There is something morally repugnant about someone being "taken before their time" as the saying goes. Not that we can truly know when someone's "time" is "supposed" to be up, but we can nevertheless feel shock and anger at the height of the unfairness of a life lost at a young age, under circumstances that are
anything but natural.
Early Saturday morning a good friend lost his brother in just such a manner. Chad Richard Litchford, a thirty-one year old father to be and a combat veteran of tours in Iraq and Afghanistan, was killed when his truck, which he had pulled over to the side of the road because it was having mechanical problems, was struck by a vehicle being driven by an allegedly drunk driver when it drifted over the white line and onto the shoulder. The truck slammed into Chad's truck and moments later his life was ended.
I was fortunate enough to have met Chad a few times. I recall speaking with him and listening in a kind of awe as he recounted to my stepfather and I some of his stories from his time in Iraq. He spoke of dangerous environments and daring actions with a casual air, as I would of a typical day in the classroom where the greatest danger I face is maybe having to take a late lunch. He didn't put on airs or puff out his chest. He was doing his duty. It was as simple as that.

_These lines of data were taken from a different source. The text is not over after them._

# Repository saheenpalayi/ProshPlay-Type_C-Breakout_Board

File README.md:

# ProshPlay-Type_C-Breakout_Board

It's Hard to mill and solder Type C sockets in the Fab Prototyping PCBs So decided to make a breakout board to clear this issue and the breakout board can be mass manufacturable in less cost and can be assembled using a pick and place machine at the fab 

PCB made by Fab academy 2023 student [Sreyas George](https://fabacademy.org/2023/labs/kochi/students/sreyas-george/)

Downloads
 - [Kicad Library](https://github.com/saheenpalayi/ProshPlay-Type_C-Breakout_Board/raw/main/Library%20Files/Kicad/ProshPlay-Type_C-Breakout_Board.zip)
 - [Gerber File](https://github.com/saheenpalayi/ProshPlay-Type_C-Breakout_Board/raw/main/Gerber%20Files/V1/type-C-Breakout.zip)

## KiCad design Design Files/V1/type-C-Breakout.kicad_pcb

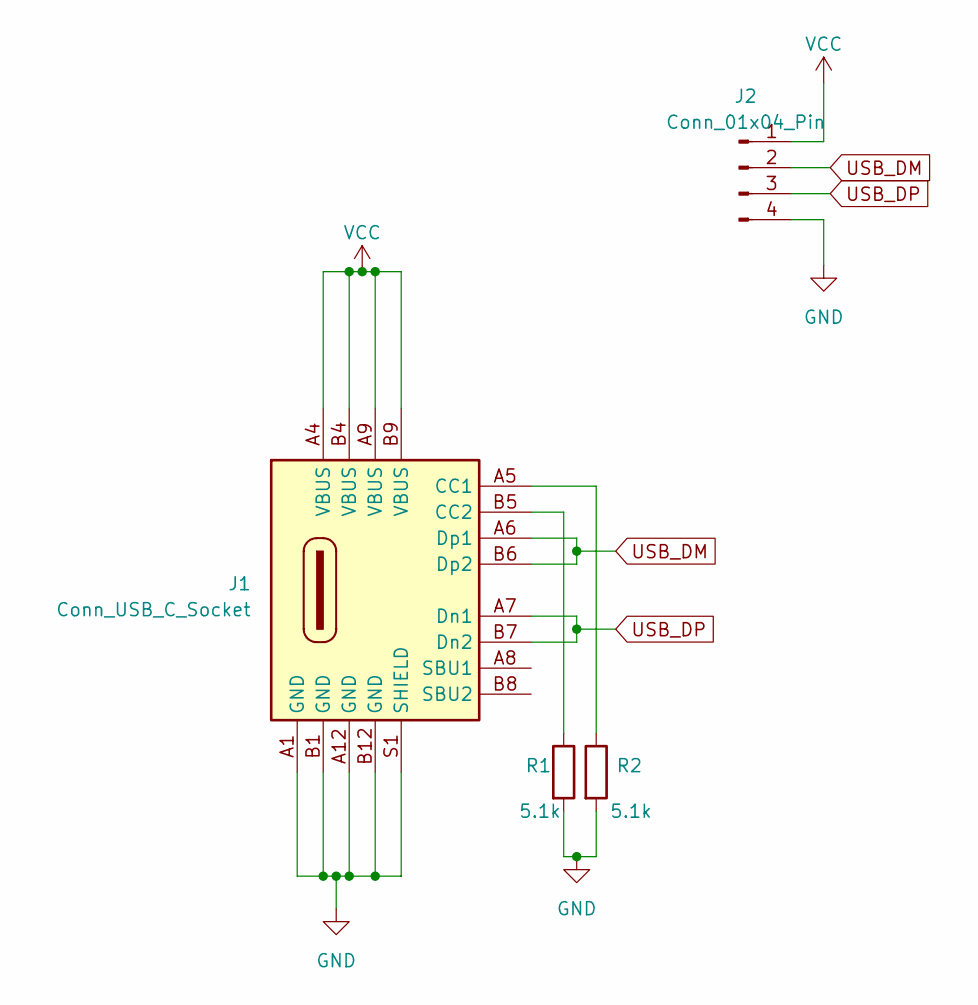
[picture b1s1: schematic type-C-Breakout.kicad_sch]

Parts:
J1: Conn_USB_C_Socket; Conn_USB_C_Socket_Molex_2171790001
J2: Conn_01x04_Pin; PinHeader_1x04_P2.54mm_PCB-Edge
R1, R2: 5.1k; R_0805_2012Metric_Pad1.20x1.40mm_HandSolder

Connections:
GND: J1.A1 (GND), J1.A12 (GND), J1.B1 (GND), J1.B12 (GND), J1.S1 (SHIELD), J2.4, R1.2, R2.2
unnamed: J1.A5 (CC1), R2.1
unnamed: J1.B5 (CC2), R1.1
USB_DM: J1.A6 (Dp1), J1.B6 (Dp2), J2.2
USB_DP: J1.A7 (Dn1), J1.B7 (Dn2), J2.3
VCC: J1.A4 (VBUS), J1.A9 (VBUS), J1.B4 (VBUS), J1.B9 (VBUS), J2.1

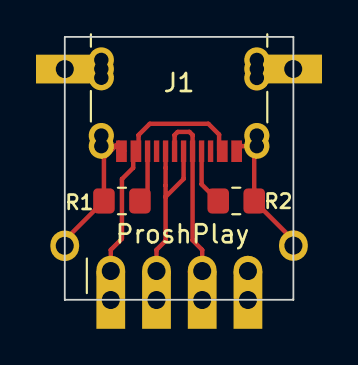
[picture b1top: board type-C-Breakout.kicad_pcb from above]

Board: 2 copper layers, 12.7 x 14.6 mm, 4 parts (0 on the bottom side), 6 nets.

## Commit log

2024-03-20 Files attached
2024-03-20 readme-update and kicad lib files
    added a zip file to kicad library files for easy downloaded
    and added images
2024-03-20 download link update and compressed images

The absurdness of what happened early Saturday morning on an anonymous stretch of Texas roadway cries out for understanding, for some sort of acceptable clarity. How can it be, we are left to wonder, that a man can spend years in some of the most dangerous and violent of places on the planet, where the very uniform he voluntarily donned each day made him a target of violence, that a man who was willing to lay down his life to protect the flag I salute each morning with my students, to protect the very freedoms scores of men and women who had gone before him had given their lives to enshrine and protect, did not face his final moments on a field of battle, but on a deserted Texas road.
Not at the hands of a confirmed enemy he had been trained to engage.
But at the hands of a citizen of the very country he fought to protect, whose mind and driving reflexes were most likely dulled by excessive amounts of alcohol and the lateness of the hour.
We cry out for understanding...but there is none to be had. Sometimes life simply defies any attempt at understanding.
So we remember. We remember the life of a man who served his country, willingly and repeatedly. We remember the life of a soldier, a brother, a father, a son. We remember the laughter, the fun times, a history shared and yes, even the tough times. We remember that we were privileged to have known this man. We wrap our arms around a family that is in pain, that struggles to deal with the hole that has been punched into the fabric of their reality. We remind them that they are surrounded by many who are ready at the drop of a hat to do whatever they need at this difficult time.
Though Chad's time on earth may have been short, the memories of his life will not be. The memories of those who we have lost stay with us. Though we age, they do not. The joy and the pain, the laughter and the tears, the good and the bad. Our memories become a part of our soul, stitched there to remain forever. And though life will continue to swirl about us, though events will still occur for which we have little or no understanding, the memories that become a part of us will never leave.
My thoughts and prayers are with the entire Litchford family.